Documentation
¶
Index ¶
- func ExtractThinkingBlocks(text string) []string
- func HasThinkingTags(text string) bool
- func IsThinkingModelName(modelInfo string) bool
- func IsThinkingTemplate(template string) bool
- func StripThinking(text string) string
- type Llama
- func (l *Llama) Chat(ctx context.Context, req schema.ChatRequest, ...) (result *schema.ChatResponse, err error)
- func (l *Llama) Close() error
- func (l *Llama) Complete(ctx context.Context, req schema.CompletionRequest, ...) (result *schema.CompletionResponse, err error)
- func (l *Llama) DeleteModel(ctx context.Context, name string) (err error)
- func (l *Llama) Detokenize(ctx context.Context, req schema.DetokenizeRequest) (result *schema.DetokenizeResponse, err error)
- func (l *Llama) Embed(ctx context.Context, req schema.EmbedRequest) (result *schema.EmbedResponse, err error)
- func (l *Llama) GPUInfo(ctx context.Context) *schema.GPUInfo
- func (l *Llama) GetModel(ctx context.Context, name string) (result *schema.CachedModel, err error)
- func (l *Llama) ListModels(ctx context.Context) (result []*schema.CachedModel, err error)
- func (l *Llama) LoadModel(ctx context.Context, req schema.LoadModelRequest) (result *schema.CachedModel, err error)
- func (l *Llama) PullModel(ctx context.Context, req schema.PullModelRequest, fn PullCallback) (result *schema.CachedModel, err error)
- func (l *Llama) Tokenize(ctx context.Context, req schema.TokenizeRequest) (result *schema.TokenizeResponse, err error)
- func (l *Llama) UnloadModel(ctx context.Context, name string) (result *schema.CachedModel, err error)
- func (l *Llama) WithContext(ctx context.Context, req schema.ContextRequest, fn TaskFunc) (err error)
- func (l *Llama) WithModel(ctx context.Context, req schema.LoadModelRequest, fn TaskFunc) (err error)
- type Opt
- type PullCallback
- type ReasoningResult
- type Task
- type TaskFunc
Constants ¶
This section is empty.
Variables ¶
This section is empty.
Functions ¶
func ExtractThinkingBlocks ¶
ExtractThinkingBlocks returns all thinking blocks found in the text without modifying the original text
func HasThinkingTags ¶
HasThinkingTags checks if the text contains any thinking/reasoning tags
func IsThinkingModelName ¶
IsThinkingModelName checks if a model name/architecture suggests it's a reasoning model
func IsThinkingTemplate ¶
IsThinkingTemplate checks if a chat template string suggests it's a reasoning template by looking for common thinking-related patterns
func StripThinking ¶
StripThinking removes all thinking/reasoning tags from text leaving only the final response content
Types ¶
type Llama ¶
Llama is a singleton that manages the llama.cpp runtime and models
func (*Llama) Chat ¶ added in v0.0.5
func (l *Llama) Chat(ctx context.Context, req schema.ChatRequest, onChunk func(schema.ChatChunk) error) (result *schema.ChatResponse, err error)
Chat generates a response for the given chat messages. If onChunk is provided, it will be called for each generated token. The callback can stop generation early by returning an error.
func (*Llama) Complete ¶
func (l *Llama) Complete(ctx context.Context, req schema.CompletionRequest, onChunk func(schema.CompletionChunk) error) (result *schema.CompletionResponse, err error)
Complete generates a completion for the given prompt. If onChunk is provided, it will be called for each generated token. The callback can stop generation early by returning an error.
func (*Llama) DeleteModel ¶
DeleteModel deletes a model from disk and removes it from the cache if loaded.

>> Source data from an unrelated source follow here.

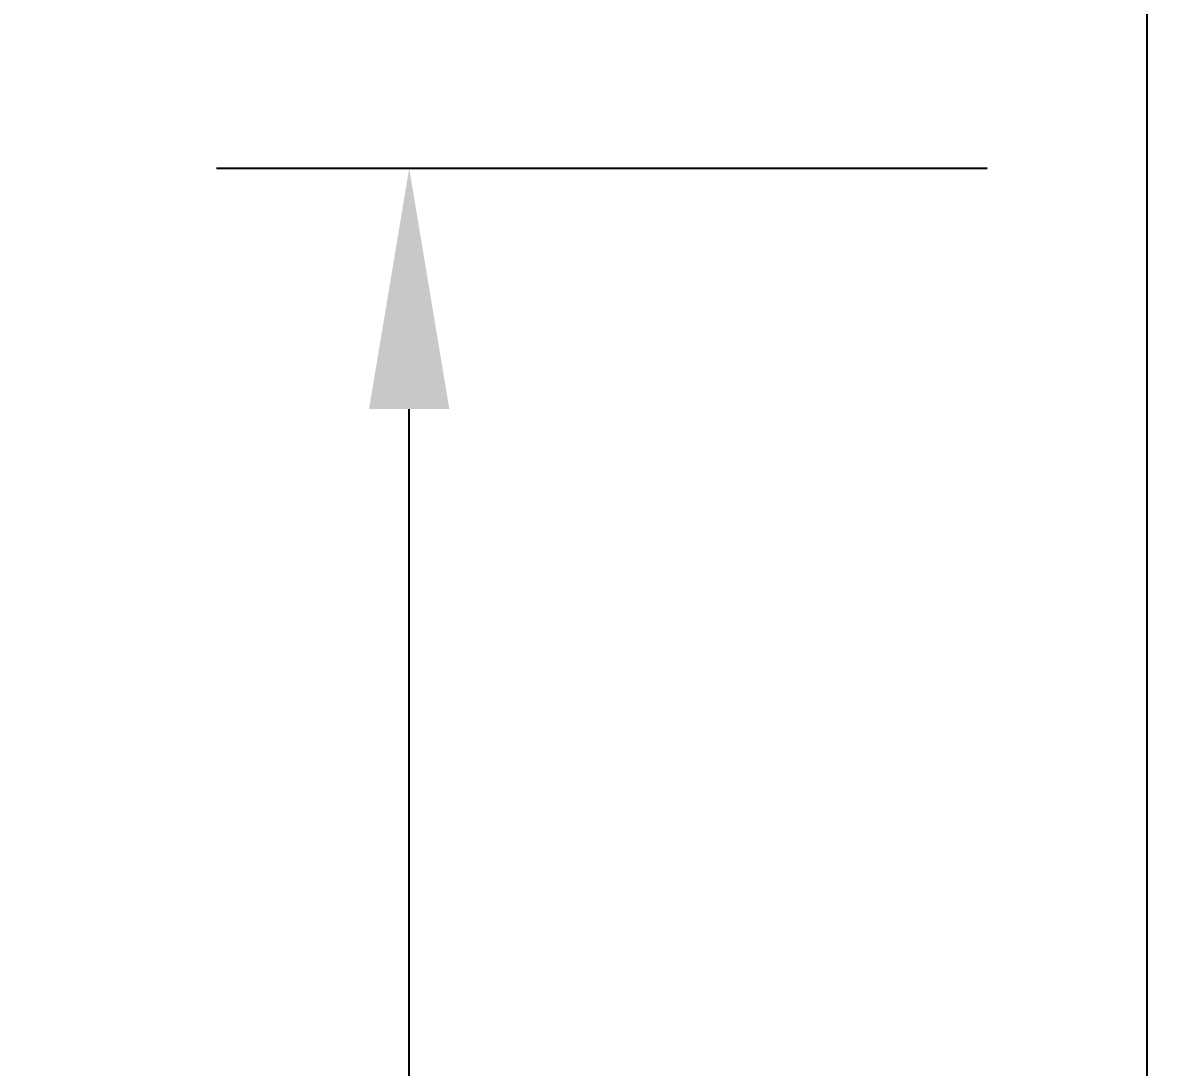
# Model space of a CAD drawing. Header units: millimetres. Extents: x 101 to 3000, y 150 to 4305.
# Drawn here: x 596.6 to 774.5, y 3370.5 to 3533.2 of the extents above; entities that cross this region are included whole.
import ezdxf

# ---------------------------------------------------------------- set-up
doc = ezdxf.new("R2010")
doc.units = ezdxf.units.MM
doc.header["$LTSCALE"] = 15
doc.layers.add('_Sichtbarkanten', color=7, linetype='Continuous', lineweight=25)
doc.layers.add('Bemaßung (ISO)', color=7, linetype='Continuous', lineweight=25)
doc.styles.add('Notiztext (DIN)', font='verdana.ttf')
doc.dimstyles.new('Standard (DIN)', dxfattribs={"dimscale": 15, "dimtxt": 2.5, "dimasz": 2.5, "dimexe": 2, "dimexo": 4, "dimgap": 0.5, "dimtad": 1, "dimdec": 1, "dimrnd": 1e-08, "dimtxsty": 'Notiztext (DIN)', "dimcen": 0.09, "dimclrd": 256, "dimclre": 256, "dimclrt": 256, "dimadec": 0, "dimazin": 2, "dimtfac": 1, "dimtmove": 0, "dimatfit": 3, "dimfxl": 0, "dimtolj": 1, "dimtzin": 0, "dimlwd": -1, "dimlwe": -1, "dimarcsym": 0})

# ---------------------------------------------------------------- blocks, each defined once
blk = doc.blocks.new('*D76')
at = {"layer": 'Bemaßung (ISO)', "transparency": 16777216}
for p, q in [((711.63, 3560.5), (484.35, 3560.5)), ((514.35, 3523), (514.35, 3148.01)), ((746.67, 3110.51), (484.35, 3110.51))]:
    blk.add_line(p, q, dxfattribs=at)
for points in [[(508.1, 3523), (520.6, 3523), (514.35, 3560.5)], [(508.1, 3148.01), (520.6, 3148.01), (514.35, 3110.51)]]:
    blk.add_solid(points, dxfattribs=at)
at = {"layer": 'Defpoints', "color": 0, "transparency": 16777216}
for p in [(771.63, 3560.5), (514.35, 3110.51), (806.67, 3110.51)]:
    blk.add_point(p, dxfattribs=at)
at = {"layer": 'Bemaßung (ISO)', "transparency": 16777216, "insert": (467.82, 3288.99), "char_height": 37.5, "attachment_point": 1, "rotation": 90, "style": 'Notiztext (DIN)'}
blk.add_mtext('\\A1;450', dxfattribs=at)
blk = doc.blocks.new('*D77')
at = {"layer": 'Bemaßung (ISO)', "transparency": 16777216}
for p, q in [((711.63, 3560.5), (361.26, 3560.5)), ((391.26, 3523), (391.26, 2698)), ((711.63, 2660.5), (361.26, 2660.5))]:
    blk.add_line(p, q, dxfattribs=at)
for points in [[(385.01, 3523), (397.51, 3523), (391.26, 3560.5)], [(385.01, 2698), (397.51, 2698), (391.26, 2660.5)]]:
    blk.add_solid(points, dxfattribs=at)
at = {"layer": 'Defpoints', "color": 0, "transparency": 16777216}
for p in [(771.63, 3560.5), (391.26, 2660.5), (771.63, 2660.5)]:
    blk.add_point(p, dxfattribs=at)
at = {"layer": 'Bemaßung (ISO)', "transparency": 16777216, "insert": (344.73, 3064.44), "char_height": 37.5, "attachment_point": 1, "rotation": 90, "style": 'Notiztext (DIN)'}
blk.add_mtext('\\A1;900', dxfattribs=at)
blk = doc.blocks.new('*D78')
at = {"layer": 'Bemaßung (ISO)', "transparency": 16777216}
for p, q in [((746.79, 3510.5), (626.79, 3510.5)), ((656.79, 2748.01), (656.79, 3473)), ((746.79, 2710.51), (626.79, 2710.51))]:
    blk.add_line(p, q, dxfattribs=at)
for points in [[(650.54, 3473), (663.04, 3473), (656.79, 3510.5)], [(650.54, 2748.01), (663.04, 2748.01), (656.79, 2710.51)]]:
    blk.add_solid(points, dxfattribs=at)
at = {"layer": 'Defpoints', "color": 0, "transparency": 16777216}
for p in [(656.79, 3510.5), (806.79, 3510.5), (806.79, 2710.51)]:
    blk.add_point(p, dxfattribs=at)
at = {"layer": 'Bemaßung (ISO)', "transparency": 16777216, "insert": (610.08, 3070.21), "char_height": 37.5, "attachment_point": 1, "rotation": 90, "style": 'Notiztext (DIN)'}
blk.add_mtext('\\A1;800', dxfattribs=at)

msp = doc.modelspace()

# ---------------------------------------------------------------- linework, layer by layer
at = {"layer": '_Sichtbarkanten'}
msp.add_line((771.63, 3560.5), (771.63, 2660.5), dxfattribs=at)

# ---------------------------------------------------------------- dimensions: what is measured, and where the dimension line sits
at = {"layer": 'Bemaßung (ISO)'}
for base, p1, p2, picture, middle in [((391.26, 2660.5), (771.63, 3560.5), (771.63, 2660.5), '*D77', (391.26, 3110.5)), ((514.35, 3110.51), (771.63, 3560.5), (806.67, 3110.51), '*D76', (514.35, 3335.51)), ((656.79, 3510.5), (806.79, 2710.51), (806.79, 3510.5), '*D78', (656.79, 3116.16))]:
    dim = msp.add_linear_dim(base=base, p1=p1, p2=p2, angle=90, dimstyle='Standard (DIN)', override={"dimdec": 1, "dimtp": 0, "dimtm": 0, "dimtdec": 2, "dimtofl": 0, "dimatfit": 1}, dxfattribs=at)
    dim.commit()
    dim.dimension.update_dxf_attribs({"geometry": picture, "text_midpoint": middle, "dimtype": 160})

doc.saveas('drawing.dxf')

func (*Llama) Detokenize ¶
func (l *Llama) Detokenize(ctx context.Context, req schema.DetokenizeRequest) (result *schema.DetokenizeResponse, err error)
Detokenize converts tokens back to text using the specified model. Loads the model if not already cached.
func (*Llama) Embed ¶
func (l *Llama) Embed(ctx context.Context, req schema.EmbedRequest) (result *schema.EmbedResponse, err error)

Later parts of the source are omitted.